Terms: Nonlinearity
Jun 4, 2020When learning about neural networks for the first time, you might hear about the term nonlinearity around the time you learn about activation functions. Basically, non-linearity just means not linear.
While nonlinear does mean not linear, there are a couple of small catches that aren’t obvious right away. For example, if the output function of a network could be described by the function sqrt(2)*x^2+ pi^3sin(x) you might think that the function is doing a nonlinear transformation. However, if the inputs into the network are x^2 and sin(x), then you know that the network did a linear transformation. It’s a linear transformation since the output can be written as a linear combination of the inputs – that is, if we say y = x^2 and z = sin(x), we can immediately see that sqrt(2)*y + pi^3*z is a linear function of y and z. Note that we don’t care that the constants are the sqrt(2) and pi^3, those are just constants that don’t depend on the input – we can rewrite this function as f(y,z)= ay+bz and see more clearly that this is a linear function. You might now be confused – so if the output can be nonlinear but it isn’t a nonlinear transformation, then what is a nonlinear transformation?

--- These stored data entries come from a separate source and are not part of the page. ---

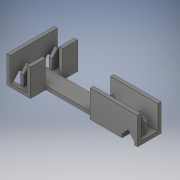
# Autodesk Inventor part: IPC_35
Saved by Autodesk Inventor 2019 (Build 230136000, 136)
## iProperties
Created: 2021-08-31
Part Number: IPC_35
Material: Generic
Document SubType Name: Modeling
Designer: zachm
Density: 1 g/cm^3
Appearance: Anodized - Light Gray
Author: zachm
Autodesk Inventor part; units mm, degrees
ref_plane "YZ Plane" through (0, 0, 0) normal (1, 0, 0) x (0, 1, 0)
ref_plane "XZ Plane" through (0, 0, 0) normal (0, 1, 0) x (-1, 0, 0)
sketch "Sketch1" plane through (0, 0, 0) normal (0, 1, 0) x (-1, 0, 0)
  line L0 (0, 0) -> (-5, 0)
  line L1 (-5, 0) -> (-5, -10)
  line L2 (-5, -10) -> (0, -10)
  line L3 (0, -10) -> (0, 0)
  line L4 (-15, -2.5) -> (-25, -2.5)
  line L5 (-25, -2.5) -> (-25, -7.5)
  line L6 (-25, -7.5) -> (-15, -7.5)
  line L7 (-15, -7.5) -> (-15, -2.5)
  line L8 (-5, -3.25) -> (-15, -3.25)
  line L9 (-15, -3.25) -> (-15, -6.75)
  line L10 (-15, -6.75) -> (-5, -6.75)
  line L11 (-5, -6.75) -> (-5, -3.25)
  dimension "d0" = 5
  dimension "d1" = 10
  dimension "d2" = 10
  dimension "d3" = 5
  dimension "d4" = 10
  dimension "d5" = 3.25
  dimension "d6" = 3.25
  dimension "d7" = 0.75
  constraints: 24 end point, 6 parallel, 3 horizontal, 3 perpendicular, 2 point on line
  measures "d0" distance of L2.end L1.end
  measures "d1" distance of L1.end L0.end
  measures "d2" distance of L6.end L5.end
  measures "d3" distance of L5.end L4.end
  measures "d4" distance of L9.end L10.end
  measures "d5" distance between parallel lines of L0 L8
  measures "d6" distance between parallel lines of L2 L10
  measures "d7" distance between parallel lines of L6 L10
extrude "Extrusion1" add sketch "Sketch1" along normal blind 0.75
sketch "Sketch2" plane through (0, 0.75, 0) normal (0, 1, 0) x (1, 0, 0)
  line L0 (15, 2.5) -> (25, 2.5) projected
  line L1 (25, 2.5) -> (25, 7.5) projected
  line L2 (15, 2.5) -> (25, 2.5)
  line L3 (25, 2.5) -> (25, 3.25)
  line L4 (25, 3.25) -> (15, 3.25)
  line L5 (15, 3.25) -> (15, 2.5)
  line L6 (15, 7.5) -> (15, 6.75) projected
  line L7 (15, 6.75) -> (25, 6.75)
  line L8 (25, 6.75) -> (25, 7.5)
  line L9 (25, 7.5) -> (15, 7.5)
  line L10 (15, 7.5) -> (15, 6.75)
  line L11 (0, 0) -> (5, 0) projected
  line L12 (5, 10) -> (0, 10) projected
  line L13 (0, 0) -> (0.75, 0)
  line L14 (0.75, 0) -> (0.75, 10)
  line L15 (0.75, 10) -> (0, 10)
  line L16 (0, 10) -> (0, 0)
  line L17 (5, 0) -> (4.25, 0)
  line L18 (4.25, 10) -> (5, 10)
  line L19 (5, 3.25) -> (4.25, 3.25)
  line L20 (4.25, 6.75) -> (5, 6.75)
  line L21 (5, 10) -> (5, 6.75)
  line L22 (5, 3.25) -> (5, 0)
  line L23 (4.25, 0) -> (4.25, 3.25)
  line L24 (4.25, 6.75) -> (4.25, 10)
  dimension "d15" = 0.75
  dimension "d16" = 0.75
  dimension "d17" = 0.75
  dimension "d18" = 20
  dimension "d19" = 20.75
  dimension "d20" = 4.25
  dimension "d21" = 0.75
  constraints: 40 end point, 12 parallel, 5 horizontal, 5 perpendicular, 3 point on line
  measures "d15" distance of L3.end L2.end
  measures "d16" distance of L15.end L14.end
  measures "d17" distance of L18.start L18.end
  measures "d18" distance between parallel lines of L1 L21
  measures "d19" distance between parallel lines of L1 L23
  measures "d20" distance between parallel lines of L0 L20
  measures "d21" distance between parallel lines of L0 L19
extrude "Extrusion2" add sketch "Sketch2" along normal blind 5
sketch "Sketch6" plane through (0, 0.75, 0) normal (0, 1, 0) x (1, 0, 0)
  line L0 (0.75, 10) -> (0.75, 0) projected
  line L1 (4.25, 10) -> (0.75, 10) projected
  line L2 (0.75, 0) -> (4.25, 0) projected
  line L3 (2.125, 9.25) -> (2.875, 9.25)
  line L4 (2.875, 9.25) -> (2.875, 6.75)
  line L5 (2.875, 6.75) -> (2.125, 6.75)
  line L6 (2.125, 6.75) -> (2.125, 9.25)
  line L7 (2.125, 3.25) -> (2.875, 3.25)
  line L8 (2.875, 3.25) -> (2.875, 0.75)
  line L9 (2.875, 0.75) -> (2.125, 0.75)
  line L10 (2.125, 0.75) -> (2.125, 3.25)
  point P0 (0, 0)
  dimension "d55" = 0.75
  dimension "d56" = 0.75
  dimension "d57" = 2.5
  dimension "d58" = 2.5
  dimension "d59" = 0.75
  dimension "d60" = 0.75
  dimension "d61" = 1.375
  dimension "d62" = 1.375
  constraints: 16 end point, 4 parallel, 2 horizontal, 2 perpendicular
  measures "d55" distance between parallel lines of L4 L6
  measures "d56" distance between parallel lines of L8 L10
  measures "d57" distance of L3.end L4.end
  measures "d58" distance of L7.end L8.end
  measures "d59" distance between parallel lines of L1 L3
  measures "d60" distance between parallel lines of L2 L9
  measures "d61" distance between parallel lines of L0 L6
  measures "d62" distance between parallel lines of L0 L10
extrude "Extrusion7" add sketch "Sketch6" along normal blind 3.5
sketch "Sketch7" plane through (0, 0.75, 0) normal (0, 1, 0) x (1, 0, 0)
  line L0 (2.875, 9.25) -> (2.875, 6.75) projected
  line L1 (2.875, 6.75) -> (2.125, 6.75) projected
  line L2 (2.125, 6.75) -> (2.125, 9.25) projected
  line L3 (2.125, 9.25) -> (2.875, 9.25) projected
  line L4 (2.875, 3.25) -> (2.875, 0.75) projected
  line L5 (2.875, 0.75) -> (2.125, 0.75) projected
  line L6 (2.125, 0.75) -> (2.125, 3.25) projected
  line L7 (2.125, 3.25) -> (2.875, 3.25) projected
  line L8 (15, 3.25) -> (25, 3.25) projected
  line L9 (25, 3.25) -> (25, 6.75) projected
  line L10 (25, 6.75) -> (15, 6.75) projected
  line L11 (15, 6.75) -> (5, 6.75) projected
  line L12 (5, 6.75) -> (4.25, 6.75) projected
  line L13 (4.25, 6.75) -> (4.25, 10) projected
  line L14 (4.25, 10) -> (0.75, 10) projected
  line L15 (0.75, 10) -> (0.75, 0) projected
  line L16 (0.75, 0) -> (4.25, 0) projected
  line L17 (4.25, 0) -> (4.25, 3.25) projected
  line L18 (4.25, 3.25) -> (5, 3.25) projected
  line L19 (5, 3.25) -> (15, 3.25) projected
  line L20 (2.125, 3.25) -> (0.75, 3.25)
  line L21 (0.75, 3.25) -> (0.75, 0.75)
  line L22 (0.75, 0.75) -> (2.125, 0.75)
  line L23 (2.125, 0.75) -> (2.125, 3.25)
  line L24 (0.75, 10) -> (0.75, 0) projected
  line L25 (2.125, 6.75) -> (0.75, 6.75)
  line L26 (0.75, 6.75) -> (0.75, 9.25)
  line L27 (0.75, 9.25) -> (2.125, 9.25)
  line L28 (2.125, 9.25) -> (2.125, 6.75)
  point P0 (0, 0)
  dimension "d65" = 2.5
  dimension "d66" = 6
  constraints: 16 end point, 4 parallel, 2 horizontal, 2 perpendicular, 2 point on line
  measures "d65" distance between parallel lines of L1 L27
  measures "d66" distance between parallel lines of L1 L22
extrude "Extrusion8" cut sketch "Sketch7" against normal blind 0.75 contours L2 L25 L15 L27 | L20 L6 L22 L15
sketch "Sketch8" plane through (0, 0, -10) normal (-1, 0, 0) x (0, 0, 1)
  line L0 (0, 0) -> (10, 0) projected
  line L1 (9.25, 0) -> (6.75, 0)
  line L2 (8, 0) -> (8, 2.125) construction
  line L3 (6.75, 0) -> (6.75, 0.75)
  line L4 (6.75, 0) -> (7.5, 0) construction
  line L5 (9.25, 0) -> (9.25, 0.75)
  line L6 (9.25, 0) -> (10, 0) construction
  line L7 (9.25, 0.75) -> (8, 2.125)
  line L8 (6.75, 0.75) -> (8, 2.125)
  dimension "d69" = 2.5
  dimension "d70" = 0.75
  dimension "d71" = 2.125
  dimension "d72" = 0.75
  dimension "d73" = 90
  dimension "d74" = 0.75
  dimension "d75" = 90
  constraints: 16 end point, 4 perpendicular, 2 horizontal, 2 point on line, 1 midpoint, 1 vertical
  measures "d69" distance of L1.start L1.end
  measures "d70" distance of L0.end L1.start
  measures "d71" distance of L2.start L2.end
  measures "d72" distance of L1.end L3.end
  measures "d73" angle of L4 L3
  measures "d74" distance of L1.start L5.end
  measures "d75" angle of L6 L5
extrude "Extrusion9" cut sketch "Sketch8" against normal blind 0.75
sketch "Sketch9" plane through (2.125, 4.25, -3.25) normal (-1, 0, 0) x (0, 0, 1)
  line L0 (2.5, -3.5) -> (2.5, 0) projected
  line L1 (0, 0) -> (2.5, 0) projected
  line L2 (0, -3.5) -> (0, 0) projected
  line L3 (0, -3.5) -> (0, -4.25) projected
  line L4 (2.5, -4.25) -> (0, -4.25) projected
  line L5 (2.5, -3.5) -> (2.5, -4.25) projected
  line L6 (0, -3.5) -> (0, 0) projected
  line L7 (0, -1.375) -> (2.5, -1.375) construction
  line L8 (0, -1.375) -> (1.25, 0)
  line L9 (0, 0) -> (2.5, 0) projected
  line L10 (0, 0) -> (1.25, 0)
  line L11 (0, 0) -> (0, -1.375)
  line L12 (1.25, 0) -> (2.5, 0)
  line L13 (2.5, 0) -> (2.5, -1.375)
  line L14 (2.5, -1.375) -> (1.25, 0)
  point P0 (3.25, -4.25)
  dimension "d78" = 1.375
  constraints: 14 end point, 3 perpendicular, 2 collinear, 2 point on line, 1 midpoint
  measures "d78" distance between parallel lines of L1 L7
extrude "Extrusion10" cut sketch "Sketch9" against normal blind 0.75 contours L14 L1 L0 | L8 L2 L1
ref_plane "Work Plane1" through (0, 0, -5) normal (0, 0, 1) x (1, 0, 0)
mirror "Mirror1" about plane through (0, 0, -5) normal (0, 0, 1) of "Extrusion9", "Extrusion10"
sketch "Sketch10" plane through (15, 0, -2.5) normal (0, 0, 1) x (1, 0, 0)
  line L0 (10, 0) -> (0, 0) projected
  line L1 (9.25, 0) -> (6.75, 0)
  line L2 (10, 0) -> (10, 5.75) projected
  line L3 (6.75, 0) -> (6.75, 0.75)
  line L4 (10, 0.75) -> (0, 0.75) projected
  line L5 (9.25, 0) -> (9.25, 0.75)
  line L6 (8, 0) -> (8, 2.125) construction
  line L7 (8, 2.125) -> (6.75, 0.75)
  line L8 (8, 2.125) -> (9.25, 0.75)
  point P0 (-15, 0)
  dimension "d81" = 2.5
  dimension "d82" = 0.75
  dimension "d83" = 0.75
  dimension "d84" = 0.75
  dimension "d85" = 2.125
  constraints: 12 end point, 4 point on line, 1 midpoint, 1 perpendicular
  measures "d81" distance of L1.start L1.end
  measures "d82" distance from line of L2 L1.start
  measures "d83" distance of L1.end L3.end
  measures "d84" distance of L1.start L5.end
  measures "d85" distance of L6.start L6.end
extrude "Extrusion11" cut sketch "Sketch10" against normal blind 2.125 contours L0 L3 L4 L5 | L4 L7 L8
sketch "Sketch11" plane through (15, 0, -4.625) normal (0, 0, 1) x (1, 0, 0)
  line L0 (0, 0.75) -> (6.75, 0.75) projected
  line L1 (6.75, 0.75) -> (6.75, 2.875)
  line L2 (6.75, 2.875) -> (9.25, 2.875) construction
  line L3 (9.25, 2.875) -> (9.25, 0.75)
  line L4 (9.25, 0.75) -> (6.75, 0.75)
  line L5 (8, 2.875) -> (8, 4.25) construction
  line L6 (6.75, 2.875) -> (8, 4.25)
  line L7 (8, 4.25) -> (9.25, 2.875)
  point P0 (-15, 0)
  dimension "d88" = 2.125
  dimension "d89" = 2.5
  dimension "d90" = 1.375
  constraints: 14 end point, 3 perpendicular, 2 vertical, 1 midpoint
  measures "d88" distance of L0.end L1.end
  measures "d89" distance of L1.end L2.end
  measures "d90" distance of L5.start L5.end
extrude "Extrusion12" add sketch "Sketch11" against normal blind 0.75
sketch "Sketch12" plane through (0, 0.75, 0) normal (0, 1, 0) x (1, 0, 0)
  line L0 (15, 6.75) -> (5, 6.75) projected
  line L1 (15, 6.75) -> (20, 6.75) construction
  line L2 (25, 6.75) -> (15, 6.75) projected
  line L3 (20, 6.75) -> (20, 5) construction
  point P0 (0, 0)
  dimension "d93" = 5
  dimension "d94" = 1.75
  constraints: 4 end point, 1 midpoint, 1 perpendicular
  measures "d93" distance of L0.start L1.end
  measures "d94" distance of L1.end L3.end
pattern_circular "Circular Pattern2" count 2 over 360 about axis through (20, 0.75, -5) along (0, 1, 0) of "Extrusion12", "Extrusion11"
fillet "Fillet1" radius 0.05 43 edges at (0, 5.75, -5) (0.375, 5.75, 0) (0, 0, -0.375) (0, 0, -5) (0, 0, -9.625) (0, 2.875, 0) (20, 5.75, -7.5) (20, 5.75, -6.75) (15, 3.25, -6.75) (15, 5.75, -7.125) (25, 5.75, -7.125) (25, 3.25, -6.75) (15, 2.875, -7.5) (20, 5.75, -3.25) (15, 5.75, -2.875) (20, 5.75, -2.5) (15, 2.875, -2.5) (15, 3.25, -3.25) (25, 2.875, -2.5) (25, 3.25, -3.25) (25, 2.875, -7.5) (0.375, 5.75, -10) (0.75, 5.75, -5) (5, 5.75, -8.375) (4.25, 5.75, -8.375) (4.625, 5.75, -10) (4.625, 5.75, -6.75) (4.625, 5.75, -3.25) (5, 5.75, -1.625) (4.25, 5.75, -1.625) (4.625, 5.75, 0) (5, 2.875, 0) (4.25, 3.25, 0) (4.25, 3.25, -3.25) (4.25, 3.25, -6.75) (5, 3.25, -6.75) (5, 2.875, -10) (4.25, 3.25, -10) (5, 3.25, -3.25) (0.75, 3.25, -10) (0, 2.875, -10) (0.75, 3.25, 0) (22.375, 1.4375, -2.5)
fillet "Fillet1" radius 0.05 149 edges at (18.25, 2.875, -5) (18.25, 1.8125, -5.375) (18.25, 1.8125, -4.625) (15.75, 0.75, -6.0625) (18.25, 0.75, -6.0625) (25, 0.75, -5) (24.25, 0.75, -3.9375) (21.75, 0.75, -3.9375) (10, 0.75, -3.25) (2.5, 0.75, 0) (1.4375, 0.75, -0.75) (1.4375, 0.75, -3.25) (1.4375, 0.75, -6.75) (1.4375, 0.75, -9.25) (2.5, 0.75, -10) (10, 0.75, -6.75) (17, 4.25, -5) (17.625, 3.5625, -5.375) (17.625, 3.5625, -4.625) (17, 0, -5.375) (15.75, 1.8125, -5.375) (16.375, 3.5625, -5.375) (16.375, 3.5625, -4.625) (15.75, 1.8125, -4.625) (16.375, 1.4375, -6.75) (17.625, 1.4375, -6.75) (25, 3.25, -6.75) (20, 5.75, -6.75) (15, 3.25, -6.75) (15.75, 0, -6.4375) (15.75, 0.375, -7.5) (15.75, 2.875, -5) (18.25, 0, -6.4375) (18.25, 0.375, -7.5) (25, 2.875, -2.5) (25, 5.75, -2.875) (25, 3.25, -3.25) (25, 5.75, -7.125) (25, 2.875, -7.5) (25, 0, -5) (23.625, 1.4375, -3.25) (22.375, 1.4375, -3.25) (15, 3.25, -3.25) (20, 5.75, -3.25) (24.25, 0, -3.5625) (24.25, 0.375, -2.5) (24.25, 2.875, -5) (24.25, 1.8125, -4.625) (24.25, 1.8125, -5.375) (21.75, 1.8125, -5.375) (22.375, 3.5625, -5.375) (23.625, 3.5625, -5.375) (21.75, 2.875, -5) (21.75, 1.8125, -4.625) (21.75, 0, -3.5625) (21.75, 0.375, -2.5) (10, 0, -3.25) (5, 3.25, -3.25) (4.25, 3.25, -3.25) (4.625, 5.75, -3.25) (4.25, 3.25, 0) (4.25, 5.75, -1.625) (0, 2.875, 0) (0.375, 5.75, 0) (0.75, 3.25, 0) (4.625, 5.75, 0) (5, 2.875, 0) (2.5, 0, 0) (0.75, 3.25, -10) (0.75, 5.75, -5) (0.75, 1.4375, -1.375) (0.75, 1.4375, -2.625) (0.75, 1.4375, -7.375) (0.75, 1.4375, -8.625) (1.0625, 0, -0.75) (0, 0.375, -0.75) (2.125, 1.8125, -0.75) (2.5, 2.875, -0.75) (2.875, 1.8125, -0.75) (2.875, 3.5625, -1.375) (2.875, 3.5625, -2.625) (2.875, 1.8125, -3.25) (2.5, 2.875, -3.25) (2.125, 1.8125, -3.25) (1.0625, 0, -3.25) (0, 0.375, -3.25) (1.0625, 0, -6.75) (0, 0.375, -6.75) (2.125, 1.8125, -6.75) (2.5, 2.875, -6.75) (2.875, 1.8125, -6.75) (2.875, 3.5625, -7.375) (2.875, 3.5625, -8.625) (2.875, 1.8125, -9.25) (2.5, 2.875, -9.25) (2.125, 1.8125, -9.25) (1.0625, 0, -9.25) (0, 0.375, -9.25) (5, 2.875, -10) (4.625, 5.75, -10) (4.25, 3.25, -10) (0.375, 5.75, -10) (0, 2.875, -10) (2.5, 0, -10) (4.25, 3.25, -6.75) (4.25, 5.75, -8.375) (5, 3.25, -6.75) (4.625, 5.75, -6.75) (10, 0, -6.75) (16.375, 1.4375, -7.5) (17.625, 1.4375, -7.5) (15, 5.75, -7.125) (20, 5.75, -7.5) (15, 2.875, -7.5) (15, 0, -7.125) (24.625, 0, -2.5) (23, 0, -4.625) (18.375, 0, -2.5) (15, 0, -2.875) (5, 0, -1.625) (0, 0, -0.375) (2.125, 0, -2) (0, 0, -5) (2.125, 0, -8) (0, 0, -9.625) (5, 0, -8.375) (15.375, 0, -7.5) (21.625, 0, -7.5) (22.375, 1.4375, -2.5) (23.625, 1.4375, -2.5) (20, 5.75, -2.5) (15, 2.875, -2.5) (15, 5.75, -2.875) (23.625, 3.5625, -4.625) (22.375, 3.5625, -4.625) (23, 4.25, -5) (5, 5.75, -1.625) (0, 1.4375, -8.625) (0, 1.4375, -7.375) (0, 1.4375, -2.625) (0, 1.4375, -1.375) (0, 5.75, -5) (2.125, 3.5625, -1.375) (2.125, 3.5625, -2.625) (2.5, 4.25, -2) (2.125, 3.5625, -7.375) (2.125, 3.5625, -8.625) (2.5, 4.25, -8) (5, 5.75, -8.375)
fillet "Fillet1" radius 0.05 47 edges at (18.25, 0.75, -5) (15.375, 0.75, -6.75) (15.75, 0.75, -5) (17, 0.75, -4.625) (21.625, 0.75, -6.75) (24.625, 0.75, -3.25) (24.25, 0.75, -5) (23, 0.75, -5.375) (21.75, 0.75, -5) (18.375, 0.75, -3.25) (4.625, 0.75, -3.25) (4.25, 0.75, -1.625) (0.75, 0.75, -0.375) (2.5, 0.75, -0.75) (2.875, 0.75, -2) (2.5, 0.75, -3.25) (0.75, 0.75, -5) (2.5, 0.75, -6.75) (2.875, 0.75, -8) (2.5, 0.75, -9.25) (0.75, 0.75, -9.625) (4.25, 0.75, -8.375) (4.625, 0.75, -6.75) (18.25, 0.375, -5.375) (15.75, 0.375, -5.375) (15.75, 0.75, -7.125) (18.25, 0.75, -7.125) (24.25, 0.75, -2.875) (24.25, 0.375, -4.625) (21.75, 0.75, -2.875) (21.75, 0.375, -4.625) (5, 0.375, -3.25) (15, 0.375, -3.25) (2.125, 0.375, -0.75) (0.375, 0.75, -0.75) (2.125, 0.375, -3.25) (0.375, 0.75, -3.25) (0.375, 0.75, -6.75) (2.125, 0.375, -6.75) (2.125, 0.375, -9.25) (0.375, 0.75, -9.25) (15, 0.375, -6.75) (5, 0.375, -6.75) (17, 2.125, -7.125) (23, 2.125, -2.875) (0.375, 2.125, -2) (0.375, 2.125, -8)
body "Solid1"

Anything that can’t be written as the sum of all the inputs times some constants. That is, f(x,x2,x3…) is linear only if it can be written as f(x,x2,x3…) = a1x1 + a2x2 + a3x3… + c (some constant c).
Going back to the earlier example, that example is only linear if the inputs are x^2 and sin(x). If the input is x by itself it’s nonlinear, x^2 by itself it’s nonlinear, or sin(x) by itself it’s nonlinear, we know it’s a not a linear transformation because there is no way to take x^2 and multiply it or add some constant to it to get sin(x) or vice versa.